Right? Isn’t that the goal? To have “‘them’” become “‘you?’” On the one hand, you have people saying (maybe. I think people still say this) that this is all just identity politics and to even talk about it is to you yourself make the assertion that women’s anything can never just be that anything because you’re so worried about it losing the “women’s” label in the first place that you’ve already put it in that category. But on the other hand, that’s ridiculous.

There are institutional biases, and it seems admirable to point them out where they are.

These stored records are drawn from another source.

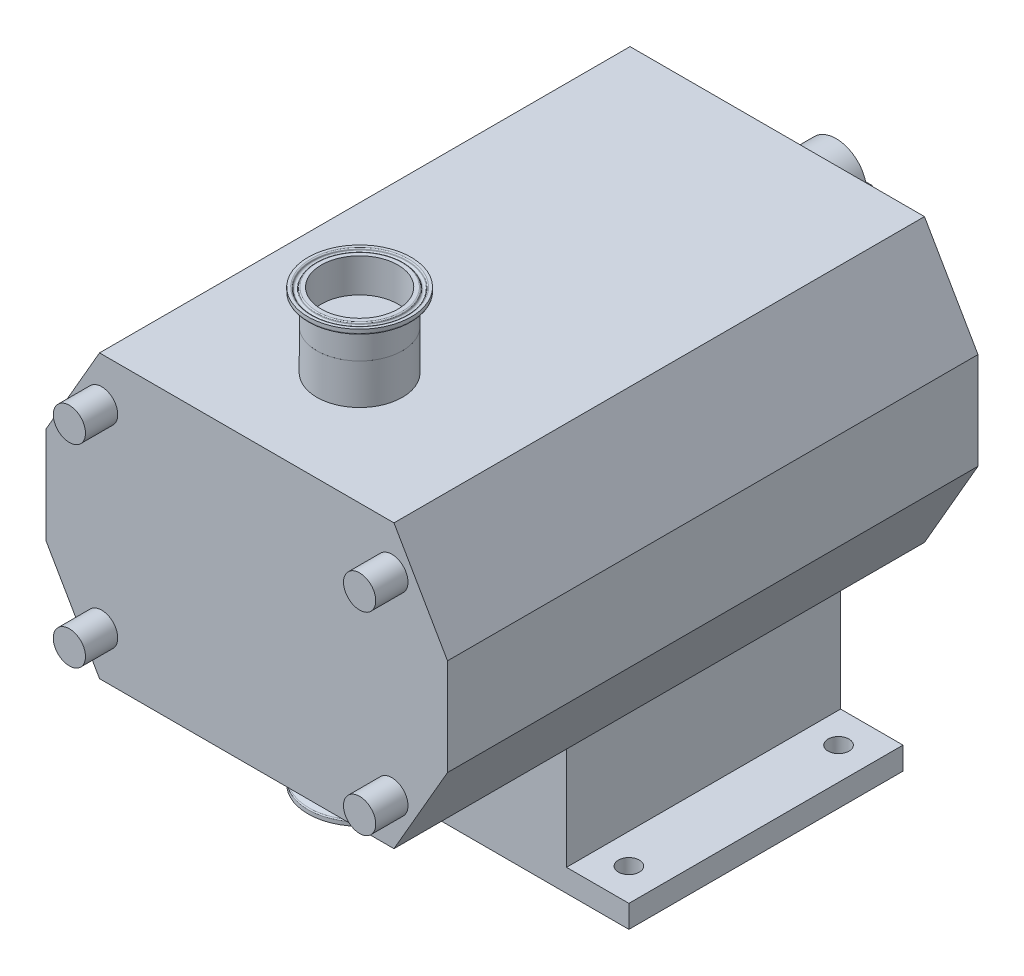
ISO-10303-21;
HEADER;
FILE_DESCRIPTION(('STEP AP214'),'2;1');
FILE_NAME('part.step','',(''),(''),'','','');
FILE_SCHEMA(('AUTOMOTIVE_DESIGN { 1 0 10303 214 1 1 1 1 }'));
ENDSEC;
DATA;
#1=APPLICATION_CONTEXT('core data for automotive mechanical design processes');
#2=APPLICATION_PROTOCOL_DEFINITION('international standard','automotive_design',2000,#1);
#3=PRODUCT_CONTEXT('',#1,'mechanical');
#4=PRODUCT('Part','Part','',(#3));
#5=PRODUCT_RELATED_PRODUCT_CATEGORY('part','',(#4));
#6=PRODUCT_DEFINITION_FORMATION('','',#4);
#7=PRODUCT_DEFINITION_CONTEXT('part definition',#1,'design');
#8=PRODUCT_DEFINITION('design','',#6,#7);
#9=PRODUCT_DEFINITION_SHAPE('','',#8);
#10=(LENGTH_UNIT() NAMED_UNIT(*) SI_UNIT(.MILLI.,.METRE.));
#11=(NAMED_UNIT(*) PLANE_ANGLE_UNIT() SI_UNIT($,.RADIAN.));
#12=(NAMED_UNIT(*) SI_UNIT($,.STERADIAN.) SOLID_ANGLE_UNIT());
#13=UNCERTAINTY_MEASURE_WITH_UNIT(LENGTH_MEASURE(1.E-05),#10,'distance_accuracy_value','');
#14=(GEOMETRIC_REPRESENTATION_CONTEXT(3) GLOBAL_UNCERTAINTY_ASSIGNED_CONTEXT((#13)) GLOBAL_UNIT_ASSIGNED_CONTEXT((#10,
#11,#12)) REPRESENTATION_CONTEXT('',''));
#15=CARTESIAN_POINT('',(0.,0.,0.));
#16=DIRECTION('',(0.,0.,1.));
#17=DIRECTION('',(1.,0.,0.));
#18=AXIS2_PLACEMENT_3D('',#15,#16,#17);
#19=CARTESIAN_POINT('',(13.9682163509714,-133.5,285.835214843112));
#20=DIRECTION('',(0.,-1.,0.));
#21=DIRECTION('',(-0.887028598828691,0.,0.461714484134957));
#22=AXIS2_PLACEMENT_3D('',#19,#20,#21);
#23=PLANE('',#22);
#24=CARTESIAN_POINT('',(0.,-133.5,259.));
#25=DIRECTION('',(0.,-1.,0.));
#26=DIRECTION('',(-0.887028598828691,0.,0.461714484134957));
#27=AXIS2_PLACEMENT_3D('',#24,#25,#26);
#28=CIRCLE('',#27,32.);
#29=CARTESIAN_POINT('',(-28.3849151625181,-133.5,273.774863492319));
#30=VERTEX_POINT('',#29);
#31=EDGE_CURVE('P0_E9',#30,#30,#28,.T.);
#32=ORIENTED_EDGE('',*,*,#31,.T.);
#33=EDGE_LOOP('',(#32));
#34=FACE_BOUND('',#33,.T.);
#35=CARTESIAN_POINT('',(0.,-133.5,259.));
#36=DIRECTION('',(0.,-1.,0.));
#37=DIRECTION('',(-0.887028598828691,0.,0.461714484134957));
#38=AXIS2_PLACEMENT_3D('',#35,#36,#37);
#39=CIRCLE('',#38,30.2529308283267);
#40=CARTESIAN_POINT('',(-26.8352148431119,-133.5,272.968216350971));
#41=VERTEX_POINT('',#40);
#42=EDGE_CURVE('P0_E60',#41,#41,#39,.T.);
#43=ORIENTED_EDGE('',*,*,#42,.F.);
#44=EDGE_LOOP('',(#43));
#45=FACE_BOUND('',#44,.T.);
#46=ADVANCED_FACE('P0_F14',(#34,#45),#23,.T.);
#47=CARTESIAN_POINT('',(0.,-133.5,259.));
#48=DIRECTION('',(0.,-1.,0.));
#49=DIRECTION('',(-0.887028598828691,0.,0.461714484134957));
#50=AXIS2_PLACEMENT_3D('',#47,#48,#49);
#51=CYLINDRICAL_SURFACE('',#50,32.);
#52=CARTESIAN_POINT('',(0.,-131.210166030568,259.));
#53=DIRECTION('',(0.,-1.,0.));
#54=DIRECTION('',(-0.887028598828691,0.,0.461714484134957));
#55=AXIS2_PLACEMENT_3D('',#52,#53,#54);
#56=CIRCLE('',#55,32.);
#57=CARTESIAN_POINT('',(-28.3849151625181,-131.210166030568,273.774863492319));
#58=VERTEX_POINT('',#57);
#59=EDGE_CURVE('P0_E20',#58,#58,#56,.T.);
#60=ORIENTED_EDGE('',*,*,#59,.T.);
#61=EDGE_LOOP('',(#60));
#62=FACE_BOUND('',#61,.T.);
#63=ORIENTED_EDGE('',*,*,#31,.F.);
#64=EDGE_LOOP('',(#63));
#65=FACE_BOUND('',#64,.T.);
#66=ADVANCED_FACE('P0_F68',(#62,#65),#51,.T.);
#67=CARTESIAN_POINT('',(0.,-131.210166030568,259.));
#68=DIRECTION('',(0.,-1.,0.));
#69=DIRECTION('',(-0.887028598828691,0.,0.461714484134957));
#70=AXIS2_PLACEMENT_3D('',#67,#68,#69);
#71=TOROIDAL_SURFACE('',#70,31.2,0.8);
#72=CARTESIAN_POINT('',(0.,-130.458411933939,259.));
#73=DIRECTION('',(0.,-1.,0.));
#74=DIRECTION('',(-0.887028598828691,0.,0.461714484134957));
#75=AXIS2_PLACEMENT_3D('',#72,#73,#74);
#76=CIRCLE('',#75,31.4736161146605);
#77=CARTESIAN_POINT('',(-27.9179976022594,-130.458411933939,273.531824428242));
#78=VERTEX_POINT('',#77);
#79=EDGE_CURVE('P0_E24',#78,#78,#76,.T.);
#80=ORIENTED_EDGE('',*,*,#79,.T.);
#81=EDGE_LOOP('',(#80));
#82=FACE_BOUND('',#81,.T.);
#83=ORIENTED_EDGE('',*,*,#59,.F.);
#84=EDGE_LOOP('',(#83));
#85=FACE_BOUND('',#84,.T.);
#86=ADVANCED_FACE('P0_F73',(#82,#85),#71,.T.);
#87=CARTESIAN_POINT('',(0.,-130.458411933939,259.));
#88=DIRECTION('',(0.,-1.,0.));
#89=DIRECTION('',(-0.887028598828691,0.,0.461714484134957));
#90=AXIS2_PLACEMENT_3D('',#87,#88,#89);
#91=CONICAL_SURFACE('',#90,31.4736161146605,1.22173047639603);
#92=CARTESIAN_POINT('',(0.,-129.127133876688,259.));
#93=DIRECTION('',(0.,-1.,0.));
#94=DIRECTION('',(-0.887028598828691,0.,0.461714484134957));
#95=AXIS2_PLACEMENT_3D('',#92,#93,#94);
#96=CIRCLE('',#95,27.8159597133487);
#97=CARTESIAN_POINT('',(-24.6735517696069,-129.127133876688,271.843031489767));
#98=VERTEX_POINT('',#97);
#99=EDGE_CURVE('P0_E28',#98,#98,#96,.T.);
#100=ORIENTED_EDGE('',*,*,#99,.T.);
#101=EDGE_LOOP('',(#100));
#102=FACE_BOUND('',#101,.T.);
#103=ORIENTED_EDGE('',*,*,#79,.F.);
#104=EDGE_LOOP('',(#103));
#105=FACE_BOUND('',#104,.T.);
#106=ADVANCED_FACE('P0_F77',(#102,#105),#91,.T.);
#107=CARTESIAN_POINT('',(0.,-127.247748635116,259.));
#108=DIRECTION('',(0.,-1.,0.));
#109=DIRECTION('',(-0.887028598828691,0.,0.461714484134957));
#110=AXIS2_PLACEMENT_3D('',#107,#108,#109);
#111=TOROIDAL_SURFACE('',#110,28.5,2.);
#112=CARTESIAN_POINT('',(0.,-127.247748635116,259.));
#113=DIRECTION('',(0.,-1.,0.));
#114=DIRECTION('',(-0.887028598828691,0.,0.461714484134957));
#115=AXIS2_PLACEMENT_3D('',#112,#113,#114);
#116=CIRCLE('',#115,26.5);
#117=CARTESIAN_POINT('',(-23.5062578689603,-127.247748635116,271.235433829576));
#118=VERTEX_POINT('',#117);
#119=EDGE_CURVE('P0_E33',#118,#118,#116,.T.);
#120=ORIENTED_EDGE('',*,*,#119,.T.);
#121=EDGE_LOOP('',(#120));
#122=FACE_BOUND('',#121,.T.);
#123=ORIENTED_EDGE('',*,*,#99,.F.);
#124=EDGE_LOOP('',(#123));
#125=FACE_BOUND('',#124,.T.);
#126=ADVANCED_FACE('P0_F84',(#122,#125),#111,.F.);
#127=CARTESIAN_POINT('',(0.,-133.5,259.));
#128=DIRECTION('',(0.,-1.,0.));
#129=DIRECTION('',(-0.887028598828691,0.,0.461714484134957));
#130=AXIS2_PLACEMENT_3D('',#127,#128,#129);
#131=CYLINDRICAL_SURFACE('',#130,26.5);
#132=CARTESIAN_POINT('',(0.,-112.5,259.));
#133=DIRECTION('',(0.,-1.,0.));
#134=DIRECTION('',(-0.887028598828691,0.,0.461714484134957));
#135=AXIS2_PLACEMENT_3D('',#132,#133,#134);
#136=CIRCLE('',#135,26.5);
#137=CARTESIAN_POINT('',(-23.5062578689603,-112.5,271.235433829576));
#138=VERTEX_POINT('',#137);
#139=EDGE_CURVE('P0_E36',#138,#138,#136,.T.);
#140=ORIENTED_EDGE('',*,*,#139,.T.);
#141=EDGE_LOOP('',(#140));
#142=FACE_BOUND('',#141,.T.);
#143=ORIENTED_EDGE('',*,*,#119,.F.);
#144=EDGE_LOOP('',(#143));
#145=FACE_BOUND('',#144,.T.);
#146=ADVANCED_FACE('P0_F88',(#142,#145),#131,.T.);
#147=CARTESIAN_POINT('',(10.9657189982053,-112.5,280.066929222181));
#148=DIRECTION('',(0.,1.,0.));
#149=DIRECTION('',(0.887028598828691,0.,-0.461714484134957));
#150=AXIS2_PLACEMENT_3D('',#147,#148,#149);
#151=PLANE('',#150);
#152=CARTESIAN_POINT('',(0.,-112.5,259.));
#153=DIRECTION('',(0.,-1.,0.));
#154=DIRECTION('',(-0.887028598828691,0.,0.461714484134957));
#155=AXIS2_PLACEMENT_3D('',#152,#153,#154);
#156=CIRCLE('',#155,23.75);
#157=CARTESIAN_POINT('',(-21.0669292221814,-112.5,269.965718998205));
#158=VERTEX_POINT('',#157);
#159=EDGE_CURVE('P0_E39',#158,#158,#156,.T.);
#160=ORIENTED_EDGE('',*,*,#159,.T.);
#161=EDGE_LOOP('',(#160));
#162=FACE_BOUND('',#161,.T.);
#163=ORIENTED_EDGE('',*,*,#139,.F.);
#164=EDGE_LOOP('',(#163));
#165=FACE_BOUND('',#164,.T.);
#166=ADVANCED_FACE('P0_F92',(#162,#165),#151,.T.);
#167=CARTESIAN_POINT('',(0.,-133.5,259.));
#168=DIRECTION('',(0.,-1.,0.));
#169=DIRECTION('',(-0.887028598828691,0.,0.461714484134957));
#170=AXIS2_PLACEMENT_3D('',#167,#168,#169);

Am I saying Pitchfork are sexist? Not really. In fact, I don’t know anything about the site as an organization, and barely know any of the discrete members of it, all of whom are/seem to be super nice and awesome. They’re all men, but you know… Just, you know, the whole idea of, what’s the word, I guess, “hegemony” being like a systemic thing that shapes your desire (Hey, let’s be Freudians for a second) such that you never knew there was an option to desire something else? It’s like that. I still kind of love HRO, but I think it’s probably keeled a bit too deeply into the #slutwave memery. It’s just gross. Come on, HRO, stop that.

I keep think of that Kanye line, “In this white man’s world we the one’s chosen,” which is housed somewhere pretty close to the “with a couple white girls and some Kelly Rowlands,” so, you know, say what you want about racism-versus-sexism. But either way, the conversation is always being pushed and shaped in a way that someone’s always losing out—people of color, women, the poor—but the only people who aren’t always losing out seem to be affluent or merely blithe white people, the majority of whom are men, and yeah that’s always a conversation I’ll have. Music, to go fake-anthro, is, like, a social phenomenon or something, so you’d think it should be inclusionary. And criticism is like, exclusionary. It’s meant to keep poets out of the city. That’s fucked up. Writing about music is the worst.

Or you could ask yourself, ‘What does Socrates recommend in the Republic that we do with ourselves?’ and then do the opposite. I think that usually works. I don’t know how I got here from there.

I don’t know. P.S.? I thought that Exile in Guyville scored 100, but it got a 96. She—unlike virtually everyone else—failed to get the obligatory 100 re-issue score for stone-cold classics. And one of her records got a 00. So… you know?